BEGIN Exercise material

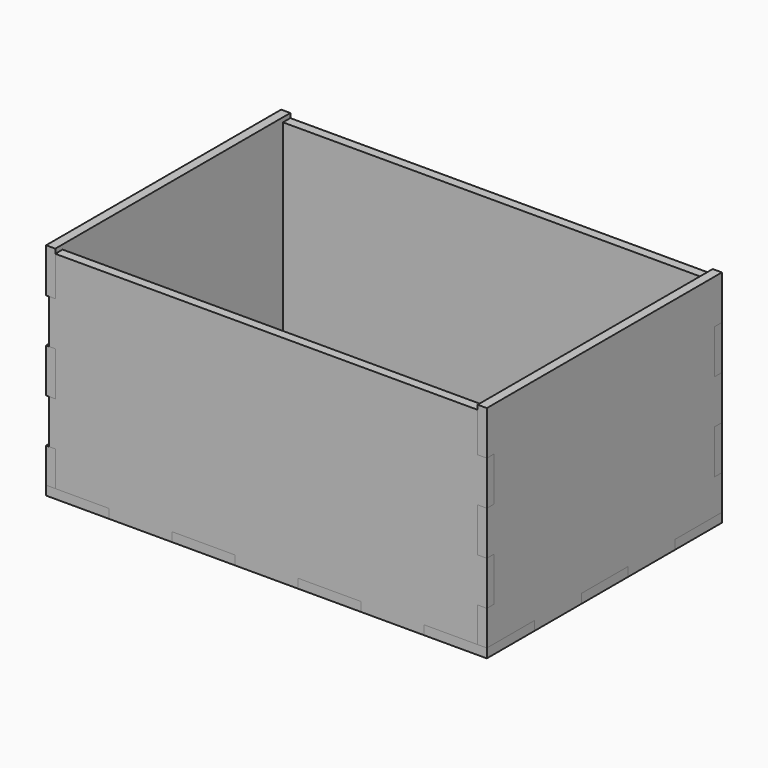
from build123d import *

# Parameters (mm, degrees)
F0_W     = 3.175
F0_H     = 17.074
F0_W_2   = 18.5964285714
F0_H_2   = 3.175
F0_W_3   = 21.7714285714
F0_H_3   = 20.249
F0_H_4   = 17.429
F0_H_5   = 2.82
F1_DEPTH = 3.175
F2_W     = 3.175
F2_H     = 15.24
F2_H_2   = 12.065
F3_DEPTH = 3.175
F7_DEPTH = 3.175


with BuildPart() as f1:
    # F0 (on Top) → F1 (new body)
    with BuildSketch(Plane.XY):
        with Locations((-74.6125, 39.088)):
            Rectangle(F0_W, F0_H)
        with Locations((-63.7267857143, 49.2125)):
            Rectangle(F0_W_2, F0_H_2)
        with Locations((-74.6125, 49.2125)):
            Rectangle(F0_W, F0_H_2)
        with Locations((-21.7714285714, 49.2125)):
            Rectangle(F0_W_3, F0_H_2)
        Polygon((73.025, 30.551), (73.025, 47.625), (54.4285714286, 47.625), (32.6571428571, 47.625), (10.8857142857, 47.625), (-10.8857142857, 47.625), (-32.6571428571, 47.625), (-54.4285714286, 47.625), (-73.025, 47.625), (-73.025, 30.551), (-73.025, 10.302), (-73.025, -9.947), (-73.025, -30.196), (-73.025, -47.625), (-54.4285714286, -47.625), (-32.6571428571, -47.625), (-10.8857142857, -47.625), (10.8857142857, -47.625), (32.6571428571, -47.625), (54.4285714286, -47.625), (73.025, -47.625), (73.025, -30.196), (73.025, -9.947), (73.025, 10.302), align=None)
        with Locations((21.7714285714, 49.2125)):
            Rectangle(F0_W_3, F0_H_2)
        with Locations((63.7267857143, 49.2125)):
            Rectangle(F0_W_2, F0_H_2)
        with Locations((74.6125, 49.2125)):
            Rectangle(F0_W, F0_H_2)
        with Locations((74.6125, 39.088)):
            Rectangle(F0_W, F0_H)
        with Locations((74.6125, 0.1775)):
            Rectangle(F0_W, F0_H_3)
        with Locations((74.6125, -38.9105)):
            Rectangle(F0_W, F0_H_4)
        with Locations((74.6125, -49.035)):
            Rectangle(F0_W, F0_H_5)
        Polygon((73.025, -50.445), (73.025, -47.625), (54.4285714286, -47.625), (54.4285714286, -50.8), (73.025, -50.8), (76.2, -50.8), (76.2, -50.445), align=None)
        with Locations((21.7714285714, -49.2125)):
            Rectangle(F0_W_3, F0_H_2)
        with Locations((-21.7714285714, -49.2125)):
            Rectangle(F0_W_3, F0_H_2)
        Polygon((-54.4285714286, -50.8), (-54.4285714286, -47.625), (-73.025, -47.625), (-73.025, -50.445), (-76.2, -50.445), (-76.2, -50.8), (-73.025, -50.8), align=None)
        with Locations((-74.6125, -49.035)):
            Rectangle(F0_W, F0_H_5)
        with Locations((-74.6125, -38.9105)):
            Rectangle(F0_W, F0_H_4)
        with Locations((-74.6125, 0.1775)):
            Rectangle(F0_W, F0_H_3)
    extrude(amount=F1_DEPTH)


with BuildPart() as f3:
    # F2 (on face) → F3 (new body)
    with BuildSketch(Plane.YZ.offset(76.2)):
        Polygon((-30.196, 3.175), (-30.196, 0), (47.625, 0), (47.625, 15.24), (47.625, 30.48), (47.625, 45.72), (47.625, 60.96), (47.625, 76.2), (-47.625, 76.2), (-47.625, 60.96), (-47.625, 45.72), (-47.625, 30.48), (-47.625, 15.24), (-47.625, 3.175), align=None)
        with Locations((-49.2125, 68.58)):
            Rectangle(F2_W, F2_H)
        with Locations((-49.2125, 38.1)):
            Rectangle(F2_W, F2_H)
        with Locations((-49.2125, 9.2075)):
            Rectangle(F2_W, F2_H_2)
        with Locations((49.2125, 68.58)):
            Rectangle(F2_W, F2_H)
        with Locations((49.2125, 38.1)):
            Rectangle(F2_W, F2_H)
        with Locations((49.2125, 7.62)):
            Rectangle(F2_W, F2_H)
    extrude(amount=-F3_DEPTH)


with BuildPart() as f4_1:
    # F4: instance of F3
    add(f3.part.mirror(Plane.YZ))

    # F5: cut F1
    add(f1.part, mode=Mode.SUBTRACT)


with BuildPart() as f3_1:
    add(f3.part)

    # F5: cut F1
    add(f1.part, mode=Mode.SUBTRACT)


with BuildPart() as f7:
    # F6 (on face) → F7 (new body)
    with BuildSketch(Plane(origin=(0, 50.8, 0), x_dir=(-1, 0, 0), z_dir=(0, 1, 0))):
        Polygon((75.1678422093, 74.6399760246), (-76.2, 74.6399760246), (-76.2, 3.175), (-54.4285714286, 3.175), (-54.4285714286, 0), (75.1678422093, 0), align=None)
    extrude(amount=-F7_DEPTH)


with BuildPart() as f8_1:
    # F8: instance of F7
    add(f7.part.mirror(Plane.XZ))

    # F9: cut F3, F1, F4_1
    add(f3_1.part, mode=Mode.SUBTRACT)
    add(f1.part, mode=Mode.SUBTRACT)
    add(f4_1.part, mode=Mode.SUBTRACT)


with BuildPart() as f7_1:
    add(f7.part)

    # F9: cut F3, F1, F4_1
    add(f3_1.part, mode=Mode.SUBTRACT)
    add(f1.part, mode=Mode.SUBTRACT)
    add(f4_1.part, mode=Mode.SUBTRACT)


solid = Compound([f1.part, f4_1.part, f3_1.part, f8_1.part, f7_1.part])
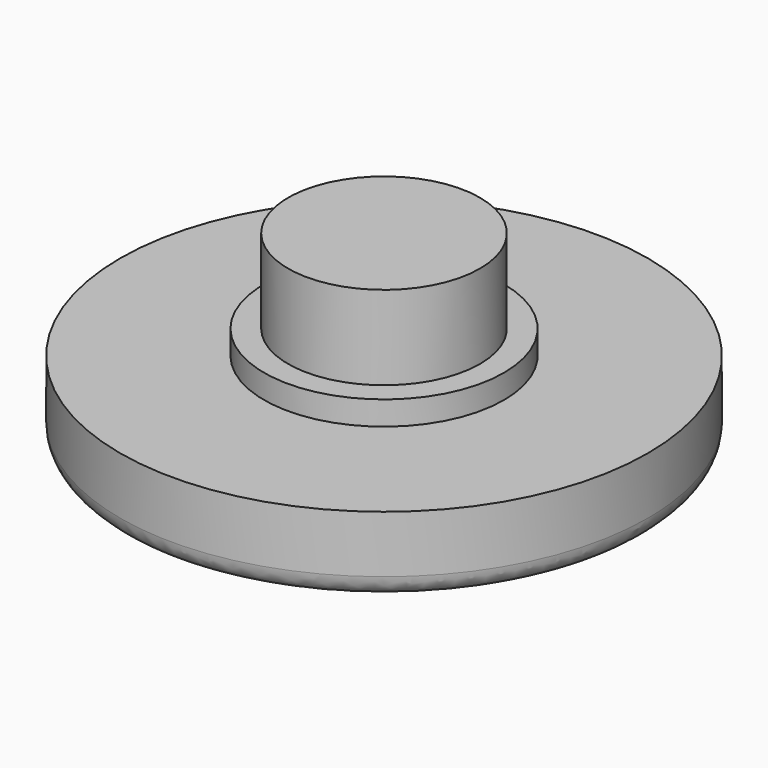
from build123d import *

# Parameters (mm, degrees)
F0_R     = 11
F1_DEPTH = 3.5
F2_R     = 5
F3_DEPTH = 1
F4_R     = 4
F5_DEPTH = 3.5
F6_R     = 1.3518679975
F7_DEPTH = 32.3
F11_R    = 0.9092071391


# Not quite as in the source:
# - a fillet or chamfer that OpenCascade refuses, or shapes differently, is made with other operations: its cross-section is extruded or revolved along the edge and cut away or added
# - a feature names something its author has since deleted; it is built from what else it names


with BuildPart() as f1:
    # F0 (on Top) → F1 (new body)
    with BuildSketch(Plane.XY):
        with Locations((59.4149753451, 64.0600547194)):
            Circle(F0_R)
    extrude(amount=F1_DEPTH)

    # F2 (on face) → F3 (join)
    with BuildSketch(Plane.XY.offset(3.5)):
        with Locations((59.4149753451, 64.0600547194)):
            Circle(F2_R)
    extrude(amount=F3_DEPTH)

    # F4 (on face) → F5 (join)
    with BuildSketch(Plane.XY.offset(4.5)):
        with Locations((59.4149753451, 64.0600547194)):
            Circle(F4_R)
    extrude(amount=F5_DEPTH)

    # F6 (on face) → F7 (join)
    with BuildSketch(Plane(origin=(0, 0, 0), x_dir=(1, 0, 0), z_dir=(0, 0, -1))):
        with Locations((59.4149753451, -64.0600547194)):
            Circle(F6_R)
    extrude(amount=F7_DEPTH)

    # F8 (on face) → F9 (revolve, cut)
    with BuildSketch(Plane(origin=(0, 0, -32.3), x_dir=(1, 0, 0), z_dir=(0, 0, -1))):
        with BuildLine():
            Line((60.7668433426, -64.0600547194), (93.4149753451, -64.0600547194))
            ThreePointArc((93.4149753451, -64.0600547194), (59.4149753451, -30.0600547194), (25.4149753451, -64.0600547194))
            Line((25.4149753451, -64.0600547194), (58.0631073476, -64.0600547194))
            ThreePointArc((58.0631073476, -64.0600547194), (59.4149753451, -62.7081867219), (60.7668433426, -64.0600547194))
        make_face()
        with BuildLine():
            Line((59.4149753451, -64.0600547194), (60.7668433426, -64.0600547194))
            ThreePointArc((60.7668433426, -64.0600547194), (59.4149753451, -62.7081867219), (58.0631073476, -64.0600547194))
            Line((58.0631073476, -64.0600547194), (59.4149753451, -64.0600547194))
        make_face()
    revolve(axis=Axis((76.4149753451, 64.0600547194, -32.3), (1, 0, 0)), mode=Mode.SUBTRACT)

    # F10: fillet of radius 5 on 1 edges, made by hand

    # F10_s1 → F10_t2 (revolve, cut)
    with BuildSketch(Plane.YZ.offset(59.4149753451)):
        with BuildLine():
            ThreePointArc((52.67102491, 0), (53.4091792265, 0.0547873448), (54.1311569369, 0.2179487179))
            ThreePointArc((54.1311569369, 0.2179487179), (53.7867795374, 0.1107978463), (53.4435581222, 0))
            Line((53.4435581222, 0), (52.67102491, 0))
        make_face()
    revolve(axis=Axis((59.4149753451, 64.0600547194, 0), (0, 0, 1)), mode=Mode.SUBTRACT)

    # F11
    f11_edges = [f1.edges().sort_by_distance(p)[0] for p in [
        (51.636801, 71.838229, 0.015157),
        (67.19315, 56.28188, 0.015157),
    ]]
    fillet(f11_edges, radius=F11_R)


solid = f1.part
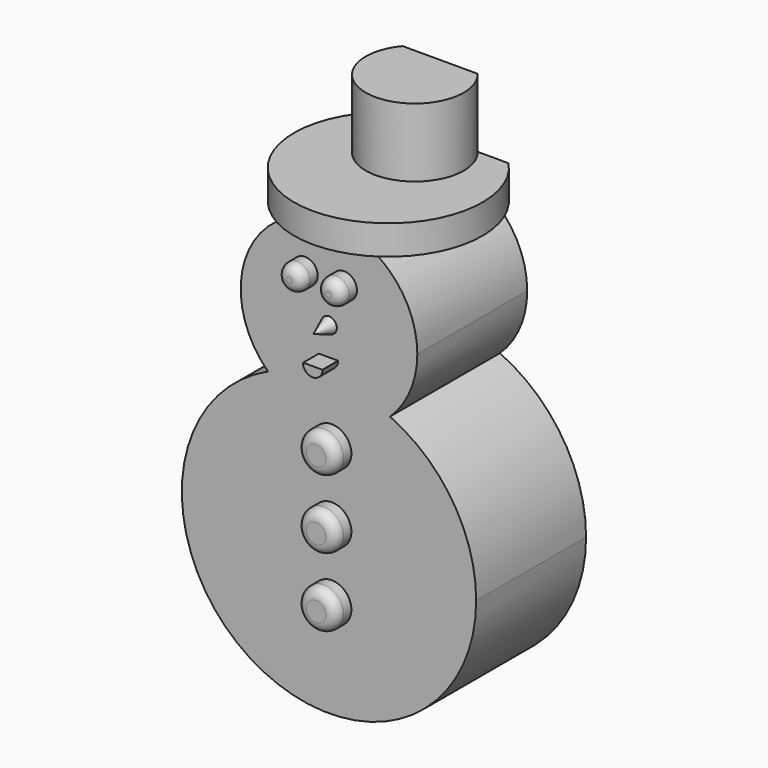
from build123d import *

# Parameters (mm, degrees)
F1_DEPTH  = 7
F2_DEPTH  = 7
F3_R      = 1
F4_DEPTH  = 1
F5_DEPTH  = 1
F6_DEPTH  = 1
F7_R      = 0.65
F8_DEPTH  = 1
F9_DEPTH  = 1
F14_DEPTH = 1.5
F16_DEPTH = 3.5
F18_DEPTH = 1
F19_R     = 0.5


# Not quite as in the source:
# - a feature names something its author has since deleted; it is built from what else it names


with BuildPart() as f1:
    # F0 (on Front) → F1 (new body)
    with BuildSketch(Plane.XZ):
        with BuildLine():
            ThreePointArc((-3.1083265336, 6.8255626992), (0, 5.5795304558), (3.1083265336, 6.8255626992))
            ThreePointArc((3.1083265336, 6.8255626992), (0, 7.5), (-3.1083265336, 6.8255626992))
        make_face()
        with BuildLine():
            ThreePointArc((-3.1083265336, 6.8255626992), (0, 7.5), (3.1083265336, 6.8255626992))
            ThreePointArc((3.1083265336, 6.8255626992), (4.1374792689, 8.3099922958), (4.5, 10.0795304558))
            ThreePointArc((4.5, 10.0795304558), (-1.7695381599, 14.2170097247), (-3.1083265336, 6.8255626992))
        make_face()
    extrude(amount=F1_DEPTH)

    # F0 (on Front) → F2 (join)
    with BuildSketch(Plane.XZ):
        with BuildLine():
            ThreePointArc((-3.1083265336, 6.8255626992), (-4.0581739119, -6.3072358844), (7.5, 0))
            ThreePointArc((7.5, 0), (6.3072358844, 4.0581739119), (3.1083265336, 6.8255626992))
            ThreePointArc((3.1083265336, 6.8255626992), (0, 5.5795304558), (-3.1083265336, 6.8255626992))
        make_face()
    extrude(amount=F2_DEPTH)

    # F3 (on face) → F4 (join)
    with BuildSketch(Plane.XZ.offset(7)):
        with Locations((0.1404315871, 4.5206134686)):
            Circle(F3_R)
    extrude(amount=F4_DEPTH)

    # F3 (on face) → F5 (join)
    with BuildSketch(Plane.XZ.offset(7)):
        with Locations((0.1404315871, 1.0206134686)):
            Circle(F3_R)
    extrude(amount=F5_DEPTH)

    # F3 (on face) → F6 (join)
    with BuildSketch(Plane.XZ.offset(7)):
        with Locations((0.1404315871, -2.4793865314)):
            Circle(F3_R)
    extrude(amount=F6_DEPTH)

    # F7 (on face) → F8 (join)
    with BuildSketch(Plane.XZ.offset(7)):
        with Locations((-1.2232928476, 11.9385918571)):
            Circle(F7_R)
    extrude(amount=F8_DEPTH)

    # F7 (on face) → F9 (join)
    with BuildSketch(Plane.XZ.offset(7)):
        with Locations((0.7767071524, 11.9385918571)):
            Circle(F7_R)
    extrude(amount=F9_DEPTH)

    # F10 (on Right) → F11 (revolve)
    with BuildSketch(Plane.YZ):
        Polygon((-7.9928543597, 9.9160444998), (-6.9928543597, 9.9160444998), (-6.9928543597, 10.3160444998), align=None)
    revolve(axis=Axis((0, -7.4928543597, 9.9160444998), (0, -1, 0)))

    # F13 (on offset) → F14 (join)
    with BuildSketch(Plane.XY.offset(14)):
        with BuildLine():
            Line((3.561746113, -0.0150235719), (-3.438253887, -0.0150235719))
            ThreePointArc((-3.438253887, -0.0150235719), (0.061746113, -8.099837113), (3.561746113, -0.0150235719))
        make_face()
    extrude(amount=F14_DEPTH)

    # F15 (on face) → F16 (join)
    with BuildSketch(Plane.XY.offset(15.5)):
        with BuildLine():
            Line((1.9837659688, -0.0150235719), (-1.8346020611, -0.0150235719))
            ThreePointArc((-1.8346020611, -0.0150235719), (0.0745819538, -4.1290298907), (1.9837659688, -0.0150235719))
        make_face()
    extrude(amount=F16_DEPTH)

    # F17 (on face) → F18 (join)
    with BuildSketch(Plane.XZ.offset(7)):
        with BuildLine():
            Line((0.4505876301, 8.4716784917), (-0.5113184951, 8.4716784917))
            ThreePointArc((-0.5113184951, 8.4716784917), (-0.5247841756, 8.4659470606), (-0.5299885637, 8.4522690419))
            ThreePointArc((-0.5299885637, 8.4522690419), (-0.0303654325, 7.9716784917), (0.4692576987, 8.4522690419))
            ThreePointArc((0.4692576987, 8.4522690419), (0.4640533106, 8.4659470606), (0.4505876301, 8.4716784917))
        make_face()
    extrude(amount=F18_DEPTH)

    # F19
    f19_edges = [f1.edges().sort_by_distance(p)[0] for p in [
        (-1.873293, -8, 11.938592),
        (0.126707, -8, 11.938592),
        (-0.859568, -8, 4.520613),
        (-0.859568, -8, 1.020613),
        (-0.859568, -8, -2.479387),
    ]]
    fillet(f19_edges, radius=F19_R)


solid = f1.part
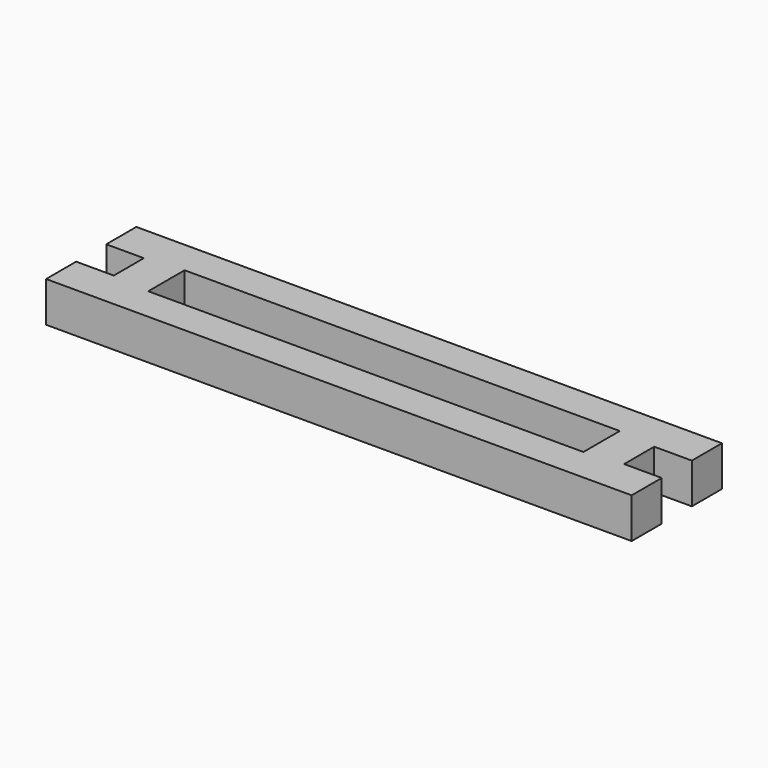
from build123d import *

# Parameters (mm, degrees)
F0_W     = 38
F0_H     = 8.4
F1_DEPTH = 3
F2_W     = 2.8
F2_H     = 3
F3_DEPTH = 2.8
F4_W     = 32.4
F4_H     = 3.3850746269
F5_DEPTH = 25


# Not quite as in the source:
# - a pattern or mirror of a feature is missing from the dataset's text; its kind, count and spacing are read off the source's solid


with BuildPart() as f1:
    # F0 (on Top) → F1 (new body)
    with BuildSketch(Plane.XY):
        Rectangle(F0_W, F0_H)
    extrude(amount=F1_DEPTH)

    # F2 (on face) → F3 (join)
    with BuildSketch(Plane(origin=(-19, 0, 0), x_dir=(0, -1, 0), z_dir=(-1, 0, 0))):
        with Locations((-2.8, 1.5)):
            Rectangle(F2_W, F2_H)
        with Locations((2.8, 1.5)):
            Rectangle(F2_W, F2_H)
    f3 = extrude(amount=F3_DEPTH)

    # F3_copies: F3 across plane
    add(f3.mirror(Plane(origin=(0, 0, 0), x_dir=(0, 0, 1), z_dir=(1, 0, 0))))

    # F4 (on face) → F5 (cut)
    with BuildSketch(Plane.XY.offset(3)):
        Rectangle(F4_W, F4_H)
    extrude(amount=-F5_DEPTH, mode=Mode.SUBTRACT)


solid = f1.part

END Exercise material

State how many lines in the records above contain the word "BuildPart", giving only the number.

*Written response:*
10